# quels formats vidéo pour l'apple TV



## keyser007 (18 Juillet 2011)

Bonjour,

je souhaite savoir s'il est possible de lire des vidéos de films à partir de DVD Ripper et Blueray Ripper ou s'il on est obligé de convertir en un format spécifiques ou passer par itunes?

Merci 


Julien


----------



## Rem64 (19 Juillet 2011)

Bonjour,

Ca dépend... de ce que tu veux faire!

Si tu as l'intention d'utiliser ton apple TV sans la jailbreaker, alors tu es obligé de passer par le partage a domicile d'itunes et d'encoder tes DVD ou BD dans les formats gérés par itunes soit : ".mov", ".m4v", ou ".mp4" ou encore le H264 pour la HD. 

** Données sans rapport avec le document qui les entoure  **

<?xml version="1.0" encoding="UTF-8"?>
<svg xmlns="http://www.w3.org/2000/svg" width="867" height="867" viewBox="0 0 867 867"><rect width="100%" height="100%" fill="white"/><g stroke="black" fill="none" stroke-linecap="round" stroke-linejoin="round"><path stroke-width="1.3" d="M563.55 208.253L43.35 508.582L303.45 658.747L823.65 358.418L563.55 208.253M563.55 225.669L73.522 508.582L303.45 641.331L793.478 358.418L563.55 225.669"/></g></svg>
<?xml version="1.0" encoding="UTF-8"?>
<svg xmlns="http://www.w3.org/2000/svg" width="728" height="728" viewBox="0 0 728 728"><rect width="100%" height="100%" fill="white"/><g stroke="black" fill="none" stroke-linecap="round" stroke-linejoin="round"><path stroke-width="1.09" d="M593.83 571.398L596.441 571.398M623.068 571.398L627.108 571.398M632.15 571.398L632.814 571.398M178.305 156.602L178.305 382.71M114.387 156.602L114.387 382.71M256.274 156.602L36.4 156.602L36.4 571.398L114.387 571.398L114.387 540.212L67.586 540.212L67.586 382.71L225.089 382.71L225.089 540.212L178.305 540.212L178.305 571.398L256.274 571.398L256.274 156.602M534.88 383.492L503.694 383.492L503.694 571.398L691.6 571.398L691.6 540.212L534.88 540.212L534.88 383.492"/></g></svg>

Si tu accepte de prendre le risque (somme toute modéré techniquement parlant) de jailbreaker ton Apple TV alors tu auras plus de choix. Tu pourras alors installer des Applications Clients vidéos tels que Plex ou le plus répandu XBMC qui eux gèrent les autres formats notamment les DivX. XBMC est même capable de lire les DVD mis en partage sur le réseau en lui indiquant la vidéo d'amorçage.


----------



## keyser34 (16 Août 2011)

Est ce qu'on peut lire directement les .mkv avec une apple TV 2 jailbreakée ?


----------



## Rem64 (17 Août 2011)

oui avec xbmc (et peut être avec Plex mais à vérifier)!


----------



## keyser34 (18 Août 2011)

Alors ça va me faire réfléchir parce que si ça m'évite de convertir avec handbrake, ça doit être beaucoup plus pratique. D'autant plus que j'ai souvent des problèmes avec les sous-titres...


----------



## App2k (19 Août 2011)

Un conseil si tu veux les convertir utilise le format Apple *.mov compatible à 100% avec l'apple TV, ipod, iphone, ipad... et mac ! et la qualité est superbe. Cependant les fichiers convertis en mov sont assez lourds.

App2k


----------



## pamo (14 Mai 2021)

Bonjour, il y a des videos en .mp4, .mov ou .m4v qui ne sont pas lues par mon appleTV. Le titre apparait bien dans la bibliothèque personnelle mais ne se lance pas. Même en les encodant de nouveau cela ne fonctionne pas. Avez vous eu le même problème?


----------



## pamo (14 Mai 2021)

oups je me rends compte que le sujet a été initié en 2011... et non alimenté depuis


----------



## Bilbo (17 Mai 2021)

pamo a dit:


> oups je me rends compte que le sujet a été initié en 2011... et non alimenté depuis


C'est pas grave.

L'apple TV avale tous les formats vidéo pour peu que tu utilises la bonne application. Pour ma part je fais comme tout le monde : j'utilise Infuse.

À+


----------



## pamo (17 Mai 2021)

Merci pour ta réponse  J'utilise Wondershare qui semble être approprié et fonctionne bien pour 90% de mes videos. Le souci est que certaines videos (donc de ma bibliothèque Apple TV) reformatées pour AppleTV (ce qui donne du .mp4) ne sont pas lues , l'icône de la video est ok et lors de la lecture cette dernière ne se lance pas, même en attendant la fin de la barre de chargement .... Je vais voir si infuse change qqchose.
Bonne journée


----------